Sono tanti, e non solo a Piacenza, gli appassionati che non vedono l’ora di rivedere l’opera, quando in Italia riapriranno gli spazi espositivi, anche perché Klimt (1862-1918) è, passateci il termine, una vera pop star. Nessun artista, nemmeno i grandissimi come Picasso, Kandinskij o de Chirico, ha la sua stessa popolarità, misurabile con le apparizioni negli spot pubblicitari, sulle copertine dei libri, nei gadgets e in altre cose ancora. Forse perché Klimt è stato l’ultimo classico della modernità, con la sua capacità di far rivivere l’oro dei maestri bizantini nella Vienna di Freud e Schnitzler.
Per festeggiare il ritorno a casa del dipinto la Galleria Ricci Oddi ha promosso un “Progetto Klimt” che si svilupperà in quattro mostre, fino alla primavera 2022. La prima, che è già allestita e sarà visibile appena i decreti lo concederanno, è dedicata appunto al Ritratto di signora, a cui si accosta un disegno praticamente inedito sempre di Klimt, Ritratto di vecchio, anch’esso del museo.
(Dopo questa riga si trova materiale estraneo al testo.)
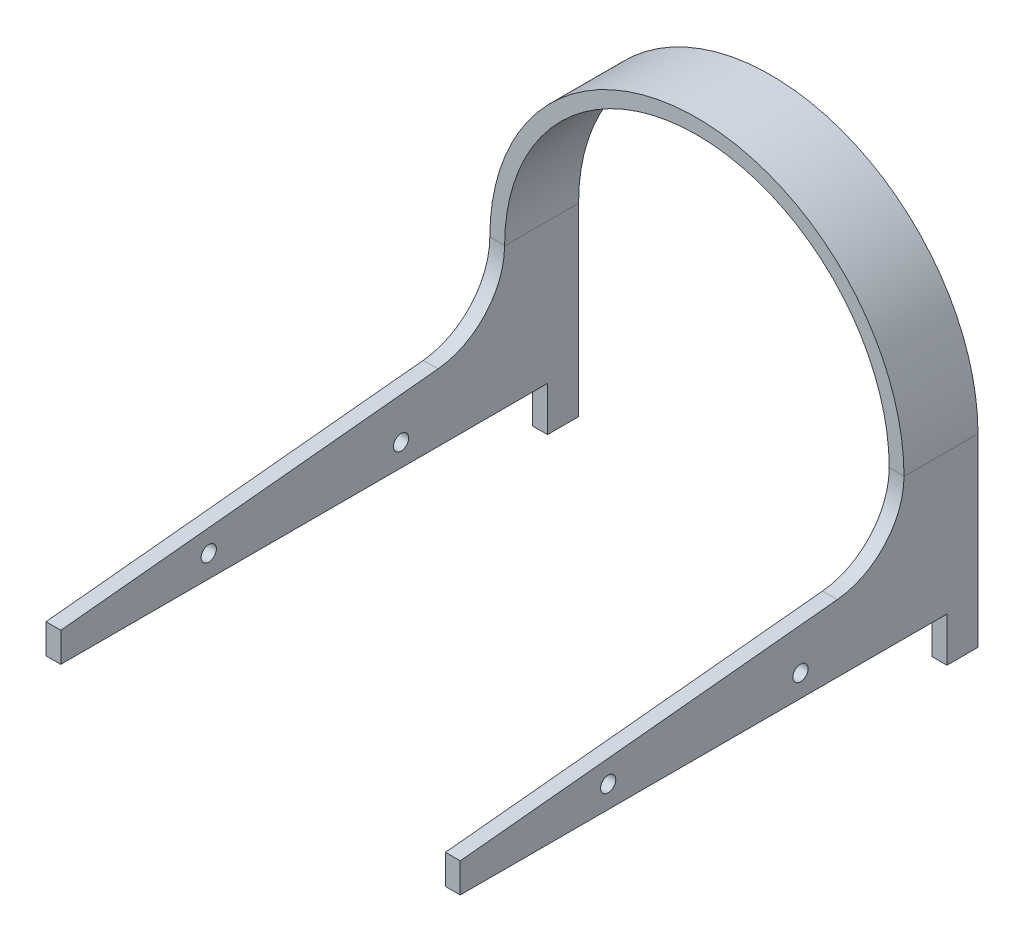
from build123d import *

# Parameters (mm, degrees)
EXTRUDE_1_DEPTH     = 350
SKETCH_2_W          = 329
SKETCH_2_H          = 30
CUT_EXTRUDE_1_DEPTH = 470.574275275
SKETCH_3_R          = 5.15
CUT_EXTRUDE_2_DEPTH = 470.574275364


with BuildPart() as part:
    # 草图1 → 凸台-拉伸1 (new body)
    with BuildSketch(Plane.XY):
        with BuildLine():
            Line((-140, 0), (-140, -125))
            Line((-140, -125), (-130, -125))
            Line((-130, -125), (-130, 0))
            ThreePointArc((-130, 0), (0, 130), (130, 0))
            Line((130, 0), (130, -125))
            Line((130, -125), (140, -125))
            Line((140, -125), (140, 0))
            ThreePointArc((140, 0), (0, 140), (-140, 0))
        make_face()
    extrude(amount=EXTRUDE_1_DEPTH)

    # 草图2 → 切除-拉伸1 (cut, through all)
    with BuildSketch(Plane.ZY.offset(140)):
        with Locations((185.5, -110)):
            Rectangle(SKETCH_2_W, SKETCH_2_H)
        with BuildLine():
            Line((50, 140), (50, 0.249378106))
            ThreePointArc((50, 0.249378106), (62.927373322, -33.300887932), (95.024814049, -49.502481405))
            Line((95.024814049, -49.502481405), (350, -75))
            Line((350, -75), (350, 140))
            Line((350, 140), (50, 140))
        make_face()
    extrude(amount=-CUT_EXTRUDE_1_DEPTH, mode=Mode.SUBTRACT)

    # 草图3 → 切除-拉伸2 (cut, through all)
    with BuildSketch(Plane.ZY.offset(140)):
        with Locations(Location((120, -80, 0), (0, 0, 270))):
            Circle(SKETCH_3_R)
        with Locations(Location((250, -80, 0), (0, 0, 270))):
            Circle(SKETCH_3_R)
    extrude(amount=-CUT_EXTRUDE_2_DEPTH, mode=Mode.SUBTRACT)


solid = part.part

La Signora ha una storia suggestiva. L’opera infatti non è dipinta, ma ridipinta. Nel 1996, grazie a una felice intuizione di una studentessa di liceo, Claudia Maga, si è scoperto che sotto la superficie della pittura si nascondeva un altro ritratto che si credeva perduto. Claudia ci arrivò notando che il volto della Signora era uguale a quello dell’altro dipinto, riprodotto sulla monografia Rizzoli di Klimt. E fu merito dell’allora direttore del museo, Stefano Fugazza, e di Ferdinando Arisi, il direttore precedente, assecondare quell’intuizione, compiere tutte le ricerche del caso, indagini a raggi x comprese, per arrivare a dimostrare che era proprio così.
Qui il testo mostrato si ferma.